Heat uses PyTorch and mpi4py to enable memory-distributed array operations on multi-node (including multi-GPU) systems. Let's see what this means in practice.



In [6]:
import numpy as np
import torch

array = np.arange(60).reshape(5,4,3)
tensor = torch.arange(60).reshape(5,4,3)

tensor

tensor([[[ 0,  1,  2],
         [ 3,  4,  5],
         [ 6,  7,  8],
         [ 9, 10, 11]],

        [[12, 13, 14],
         [15, 16, 17],
         [18, 19, 20],
         [21, 22, 23]],

        [[24, 25, 26],
         [27, 28, 29],
         [30, 31, 32],
         [33, 34, 35]],

        [[36, 37, 38],
         [39, 40, 41],
         [42, 43, 44],
         [45, 46, 47]],

        [[48, 49, 50],
         [51, 52, 53],
         [54, 55, 56],
         [57, 58, 59]]])

Heat implements numpy's API as far as possible. We can create a Heat array (officially `DNDarray` or distributed n-dimensional array) using with the same functions that we use to create numpy arrays. We'll create a 3D DNDarray of integers ranging from 0 to 59 (5 matrices of size (4,3)).

In [5]:
#%%px
import heat as ht
dndarray = ht.arange(60).reshape(5,4,3)
dndarray

DNDarray([[[ 0,  1,  2],
           [ 3,  4,  5],
           [ 6,  7,  8],
           [ 9, 10, 11]],

          [[12, 13, 14],
           [15, 16, 17],
           [18, 19, 20],
           [21, 22, 23]],

          [[24, 25, 26],
           [27, 28, 29],
           [30, 31, 32],
           [33, 34, 35]],

          [[36, 37, 38],
           [39, 40, 41],
           [42, 43, 44],
           [45, 46, 47]],

          [[48, 49, 50],
           [51, 52, 53],
           [54, 55, 56],
           [57, 58, 59]]], dtype=ht.int32, device=cpu:0, split=None)

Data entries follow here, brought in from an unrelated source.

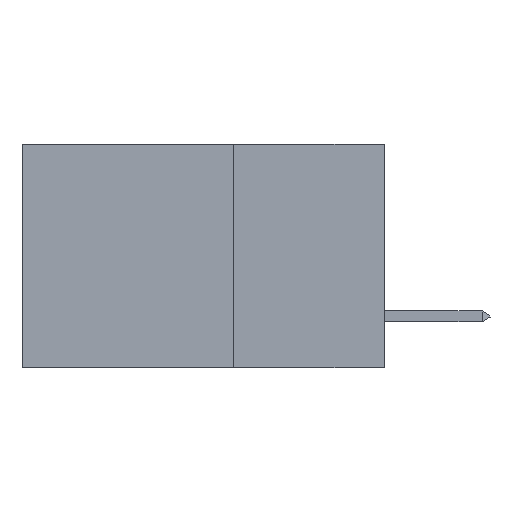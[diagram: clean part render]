
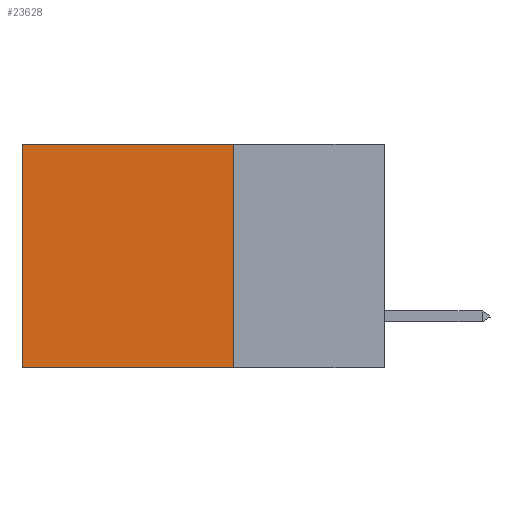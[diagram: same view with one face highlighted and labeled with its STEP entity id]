
A CAD part, left-side view. The second image highlights one B-rep face of the part: STEP entity #23628.
In plain terms, the highlighted planar face has unit normal (-1, 0, 0).
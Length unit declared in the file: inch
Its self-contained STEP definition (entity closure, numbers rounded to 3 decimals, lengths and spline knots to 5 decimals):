
#699 = FACE_OUTER_BOUND ( 'NONE', #1510, .T. ) ;
#1510 = EDGE_LOOP ( 'NONE', ( #21617, #4428, #1871, #13082 ) ) ;
#1652 = VECTOR ( 'NONE', #9317, 39.37008 ) ;
#1871 = ORIENTED_EDGE ( 'NONE', *, *, #20863, .F. ) ;
#3248 = CARTESIAN_POINT ( 'NONE',  ( 0.2875, 0.6, 0. ) ) ;
#3627 = VERTEX_POINT ( 'NONE', #20398 ) ;
#4079 = CARTESIAN_POINT ( 'NONE',  ( 0.2875, 0.25, -0.37 ) ) ;
#4428 = ORIENTED_EDGE ( 'NONE', *, *, #23830, .F. ) ;
#5561 = DIRECTION ( 'NONE',  ( 0., 0., -1. ) ) ;
#5659 = PLANE ( 'NONE',  #22956 ) ;
#5740 = VERTEX_POINT ( 'NONE', #3248 ) ;
#7494 = VECTOR ( 'NONE', #15050, 39.37008 ) ;
#7834 = CARTESIAN_POINT ( 'NONE',  ( 0.2875, 0.6, -0.37 ) ) ;
#8521 = EDGE_CURVE ( 'NONE', #21732, #5740, #12229, .T. ) ;
#8825 = VERTEX_POINT ( 'NONE', #7834 ) ;
#9296 = CARTESIAN_POINT ( 'NONE',  ( 0.2875, 0.25, 0. ) ) ;
#9317 = DIRECTION ( 'NONE',  ( 0., 1., 0. ) ) ;
#10477 = CARTESIAN_POINT ( 'NONE',  ( 0.2875, 0.6, 0. ) ) ;
#11054 = EDGE_CURVE ( 'NONE', #5740, #8825, #20104, .T. ) ;
#12229 = LINE ( 'NONE', #17716, #1652 ) ;
#13082 = ORIENTED_EDGE ( 'NONE', *, *, #8521, .T. ) ;
#15039 = VECTOR ( 'NONE', #23583, 39.37008 ) ;
#15050 = DIRECTION ( 'NONE',  ( 0., 1., 0. ) ) ;
#15095 = DIRECTION ( 'NONE',  ( 0., 0., -1. ) ) ;
#15701 = LINE ( 'NONE', #4079, #7494 ) ;
#15866 = LINE ( 'NONE', #9296, #18580 ) ;
#17716 = CARTESIAN_POINT ( 'NONE',  ( 0.2875, 0.25, 0. ) ) ;
#18580 = VECTOR ( 'NONE', #5561, 39.37008 ) ;
#18710 = DIRECTION ( 'NONE',  ( 1., 0., 0. ) ) ;
#18781 = CARTESIAN_POINT ( 'NONE',  ( 0.2875, 0.25, 0. ) ) ;
#20104 = LINE ( 'NONE', #10477, #15039 ) ;
#20398 = CARTESIAN_POINT ( 'NONE',  ( 0.2875, 0.25, -0.37 ) ) ;
#20863 = EDGE_CURVE ( 'NONE', #21732, #3627, #15866, .T. ) ;
#21617 = ORIENTED_EDGE ( 'NONE', *, *, #11054, .T. ) ;
#21732 = VERTEX_POINT ( 'NONE', #24199 ) ;
#22956 = AXIS2_PLACEMENT_3D ( 'NONE', #18781, #18710, #15095 ) ;
#23583 = DIRECTION ( 'NONE',  ( 0., 0., -1. ) ) ;
#23628 = ADVANCED_FACE ( 'NONE', ( #699 ), #5659, .F. ) ;
#23830 = EDGE_CURVE ( 'NONE', #3627, #8825, #15701, .T. ) ;
#24199 = CARTESIAN_POINT ( 'NONE',  ( 0.2875, 0.25, 0. ) ) ;

Notice the additional metadata printed with the DNDarray. With respect to a numpy ndarray, the DNDarray has additional information on the device (in this case, the CPU) and the `split` axis. In the example above, the split axis is `None`, meaning that the DNDarray is not distributed and each MPI process has a full copy of the data.

Let's experiment with a distributed DNDarray: we'll split the same DNDarrayas above, but distributed along the first axis.

In [None]:
%%px
dndarray = ht.arange(60, split=0).reshape(5,4,3)
dndarray

The `split` axis is now 0, meaning that the DNDarray is distributed along the first axis. Each MPI process has a slice of the data along the first axis. In order to see the data on each process, we can print the "local array" via the `larray` attribute.

In [7]:
%%px
dndarray.larray

tensor([[[ 0,  1,  2],
         [ 3,  4,  5],
         [ 6,  7,  8],
         [ 9, 10, 11]],

        [[12, 13, 14],
         [15, 16, 17],
         [18, 19, 20],
         [21, 22, 23]],

        [[24, 25, 26],
         [27, 28, 29],
         [30, 31, 32],
         [33, 34, 35]],

        [[36, 37, 38],
         [39, 40, 41],
         [42, 43, 44],
         [45, 46, 47]],

        [[48, 49, 50],
         [51, 52, 53],
         [54, 55, 56],
         [57, 58, 59]]], dtype=torch.int32)

Note that the `larray` is a `torch.Tensor` object. This is the underlying tensor that holds the data. The `dndarray` object is an MPI-aware wrapper around these process-local tensors, providing memory-distributed functionality and information.

The DNDarray can be distributed along any axis. Modify the cell above to distribute the DNDarray along a different axis, and see how the `larray`s change. You'll notice that the distributed arrays are always load-balanced, meaning that the data are distributed as evenly as possible across the MPI processes.